Reproduce each record below exactly as written.
# # #
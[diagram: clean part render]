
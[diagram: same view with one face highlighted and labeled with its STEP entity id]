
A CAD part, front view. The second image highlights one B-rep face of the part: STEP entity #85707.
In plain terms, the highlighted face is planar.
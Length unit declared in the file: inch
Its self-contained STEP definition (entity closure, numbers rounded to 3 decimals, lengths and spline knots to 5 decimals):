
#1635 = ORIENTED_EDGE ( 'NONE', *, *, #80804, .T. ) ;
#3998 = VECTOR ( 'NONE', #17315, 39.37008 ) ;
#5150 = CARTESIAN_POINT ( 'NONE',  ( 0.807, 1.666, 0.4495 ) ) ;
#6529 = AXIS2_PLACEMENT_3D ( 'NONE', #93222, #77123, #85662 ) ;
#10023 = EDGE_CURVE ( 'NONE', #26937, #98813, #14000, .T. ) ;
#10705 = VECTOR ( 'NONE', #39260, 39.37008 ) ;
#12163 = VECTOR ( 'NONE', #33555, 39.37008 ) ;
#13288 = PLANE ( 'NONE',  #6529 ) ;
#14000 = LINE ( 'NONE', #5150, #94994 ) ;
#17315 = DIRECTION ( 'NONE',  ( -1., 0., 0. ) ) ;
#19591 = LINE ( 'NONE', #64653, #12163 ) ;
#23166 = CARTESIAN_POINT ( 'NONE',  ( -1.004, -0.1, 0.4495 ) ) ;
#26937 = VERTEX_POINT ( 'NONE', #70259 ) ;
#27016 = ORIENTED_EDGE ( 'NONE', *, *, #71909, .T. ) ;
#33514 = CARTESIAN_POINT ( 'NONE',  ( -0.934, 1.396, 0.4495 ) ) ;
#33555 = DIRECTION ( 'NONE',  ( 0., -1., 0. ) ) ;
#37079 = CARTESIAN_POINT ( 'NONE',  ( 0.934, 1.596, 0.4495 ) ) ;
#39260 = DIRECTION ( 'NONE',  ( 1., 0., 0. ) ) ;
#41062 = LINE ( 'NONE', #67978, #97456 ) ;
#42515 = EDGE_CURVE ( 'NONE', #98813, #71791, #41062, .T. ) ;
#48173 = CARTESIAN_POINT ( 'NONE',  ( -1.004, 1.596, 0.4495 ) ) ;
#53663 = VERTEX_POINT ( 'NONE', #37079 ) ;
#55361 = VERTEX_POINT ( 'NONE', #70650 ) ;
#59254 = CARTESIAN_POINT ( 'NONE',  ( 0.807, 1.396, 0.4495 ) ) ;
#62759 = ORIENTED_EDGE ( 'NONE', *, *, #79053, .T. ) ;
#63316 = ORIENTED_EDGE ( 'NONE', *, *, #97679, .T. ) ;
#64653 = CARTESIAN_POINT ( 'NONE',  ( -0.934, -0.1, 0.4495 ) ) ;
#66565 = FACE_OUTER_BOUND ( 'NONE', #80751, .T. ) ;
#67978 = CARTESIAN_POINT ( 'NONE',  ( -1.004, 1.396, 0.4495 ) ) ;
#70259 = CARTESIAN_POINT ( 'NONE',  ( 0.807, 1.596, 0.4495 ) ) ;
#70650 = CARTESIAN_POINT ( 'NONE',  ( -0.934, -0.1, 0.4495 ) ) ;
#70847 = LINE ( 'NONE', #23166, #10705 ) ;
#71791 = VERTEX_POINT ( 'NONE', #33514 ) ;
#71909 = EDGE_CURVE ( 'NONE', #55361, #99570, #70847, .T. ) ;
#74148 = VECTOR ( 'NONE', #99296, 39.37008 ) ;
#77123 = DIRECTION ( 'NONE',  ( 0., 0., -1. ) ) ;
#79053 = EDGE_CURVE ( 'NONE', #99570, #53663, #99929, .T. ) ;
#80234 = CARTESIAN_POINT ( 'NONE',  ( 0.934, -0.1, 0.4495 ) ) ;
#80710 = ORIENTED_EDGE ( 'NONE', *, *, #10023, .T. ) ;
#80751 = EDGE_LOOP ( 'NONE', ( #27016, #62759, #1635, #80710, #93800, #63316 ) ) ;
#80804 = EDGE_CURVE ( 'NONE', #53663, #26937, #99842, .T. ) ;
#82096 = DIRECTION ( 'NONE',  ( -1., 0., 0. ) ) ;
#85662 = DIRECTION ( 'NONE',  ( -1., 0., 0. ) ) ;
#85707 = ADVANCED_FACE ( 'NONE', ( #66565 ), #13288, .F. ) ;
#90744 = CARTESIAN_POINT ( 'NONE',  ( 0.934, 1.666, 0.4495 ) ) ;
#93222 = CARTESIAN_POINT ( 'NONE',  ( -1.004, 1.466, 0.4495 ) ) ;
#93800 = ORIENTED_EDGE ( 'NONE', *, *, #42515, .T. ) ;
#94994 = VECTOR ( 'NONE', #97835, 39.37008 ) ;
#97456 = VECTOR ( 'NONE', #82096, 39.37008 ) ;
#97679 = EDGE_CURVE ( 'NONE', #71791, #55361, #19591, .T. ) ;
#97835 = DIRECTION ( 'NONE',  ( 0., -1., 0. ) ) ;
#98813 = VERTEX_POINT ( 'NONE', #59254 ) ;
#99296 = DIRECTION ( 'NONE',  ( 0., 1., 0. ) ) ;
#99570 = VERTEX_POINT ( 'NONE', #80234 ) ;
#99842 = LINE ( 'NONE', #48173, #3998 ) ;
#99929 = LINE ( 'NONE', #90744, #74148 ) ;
# # #
## Output for this task
[diagram: clean part render]
[diagram: same view with one face highlighted and labeled with its STEP entity id]
A CAD part, front view. The second image highlights one B-rep face of the part: STEP entity #85707.
In plain terms, the highlighted face is planar.
Length unit declared in the file: inch
Its self-contained STEP definition (entity closure, numbers rounded to 3 decimals, lengths and spline knots to 5 decimals):
#1635 = ORIENTED_EDGE ( 'NONE', *, *, #80804, .T. ) ;
#3998 = VECTOR ( 'NONE', #17315, 39.37008 ) ;
#5150 = CARTESIAN_POINT ( 'NONE',  ( 0.807, 1.666, 0.4495 ) ) ;
#6529 = AXIS2_PLACEMENT_3D ( 'NONE', #93222, #77123, #85662 ) ;
#10023 = EDGE_CURVE ( 'NONE', #26937, #98813, #14000, .T. ) ;
#10705 = VECTOR ( 'NONE', #39260, 39.37008 ) ;
#12163 = VECTOR ( 'NONE', #33555, 39.37008 ) ;
#13288 = PLANE ( 'NONE',  #6529 ) ;
#14000 = LINE ( 'NONE', #5150, #94994 ) ;
#17315 = DIRECTION ( 'NONE',  ( -1., 0., 0. ) ) ;
#19591 = LINE ( 'NONE', #64653, #12163 ) ;
#23166 = CARTESIAN_POINT ( 'NONE',  ( -1.004, -0.1, 0.4495 ) ) ;
#26937 = VERTEX_POINT ( 'NONE', #70259 ) ;
#27016 = ORIENTED_EDGE ( 'NONE', *, *, #71909, .T. ) ;
#33514 = CARTESIAN_POINT ( 'NONE',  ( -0.934, 1.396, 0.4495 ) ) ;
#33555 = DIRECTION ( 'NONE',  ( 0., -1., 0. ) ) ;
#37079 = CARTESIAN_POINT ( 'NONE',  ( 0.934, 1.596, 0.4495 ) ) ;
#39260 = DIRECTION ( 'NONE',  ( 1., 0., 0. ) ) ;
#41062 = LINE ( 'NONE', #67978, #97456 ) ;
#42515 = EDGE_CURVE ( 'NONE', #98813, #71791, #41062, .T. ) ;
#48173 = CARTESIAN_POINT ( 'NONE',  ( -1.004, 1.596, 0.4495 ) ) ;
#53663 = VERTEX_POINT ( 'NONE', #37079 ) ;
#55361 = VERTEX_POINT ( 'NONE', #70650 ) ;
#59254 = CARTESIAN_POINT ( 'NONE',  ( 0.807, 1.396, 0.4495 ) ) ;
#62759 = ORIENTED_EDGE ( 'NONE', *, *, #79053, .T. ) ;
#63316 = ORIENTED_EDGE ( 'NONE', *, *, #97679, .T. ) ;
#64653 = CARTESIAN_POINT ( 'NONE',  ( -0.934, -0.1, 0.4495 ) ) ;
#66565 = FACE_OUTER_BOUND ( 'NONE', #80751, .T. ) ;
#67978 = CARTESIAN_POINT ( 'NONE',  ( -1.004, 1.396, 0.4495 ) ) ;
#70259 = CARTESIAN_POINT ( 'NONE',  ( 0.807, 1.596, 0.4495 ) ) ;
#70650 = CARTESIAN_POINT ( 'NONE',  ( -0.934, -0.1, 0.4495 ) ) ;
#70847 = LINE ( 'NONE', #23166, #10705 ) ;
#71791 = VERTEX_POINT ( 'NONE', #33514 ) ;
#71909 = EDGE_CURVE ( 'NONE', #55361, #99570, #70847, .T. ) ;
#74148 = VECTOR ( 'NONE', #99296, 39.37008 ) ;
#77123 = DIRECTION ( 'NONE',  ( 0., 0., -1. ) ) ;
#79053 = EDGE_CURVE ( 'NONE', #99570, #53663, #99929, .T. ) ;
#80234 = CARTESIAN_POINT ( 'NONE',  ( 0.934, -0.1, 0.4495 ) ) ;
#80710 = ORIENTED_EDGE ( 'NONE', *, *, #10023, .T. ) ;
#80751 = EDGE_LOOP ( 'NONE', ( #27016, #62759, #1635, #80710, #93800, #63316 ) ) ;
#80804 = EDGE_CURVE ( 'NONE', #53663, #26937, #99842, .T. ) ;
#82096 = DIRECTION ( 'NONE',  ( -1., 0., 0. ) ) ;
#85662 = DIRECTION ( 'NONE',  ( -1., 0., 0. ) ) ;
#85707 = ADVANCED_FACE ( 'NONE', ( #66565 ), #13288, .F. ) ;
#90744 = CARTESIAN_POINT ( 'NONE',  ( 0.934, 1.666, 0.4495 ) ) ;
#93222 = CARTESIAN_POINT ( 'NONE',  ( -1.004, 1.466, 0.4495 ) ) ;
#93800 = ORIENTED_EDGE ( 'NONE', *, *, #42515, .T. ) ;
#94994 = VECTOR ( 'NONE', #97835, 39.37008 ) ;
#97456 = VECTOR ( 'NONE', #82096, 39.37008 ) ;
#97679 = EDGE_CURVE ( 'NONE', #71791, #55361, #19591, .T. ) ;
#97835 = DIRECTION ( 'NONE',  ( 0., -1., 0. ) ) ;
#98813 = VERTEX_POINT ( 'NONE', #59254 ) ;
#99296 = DIRECTION ( 'NONE',  ( 0., 1., 0. ) ) ;
#99570 = VERTEX_POINT ( 'NONE', #80234 ) ;
#99842 = LINE ( 'NONE', #48173, #3998 ) ;
#99929 = LINE ( 'NONE', #90744, #74148 ) ;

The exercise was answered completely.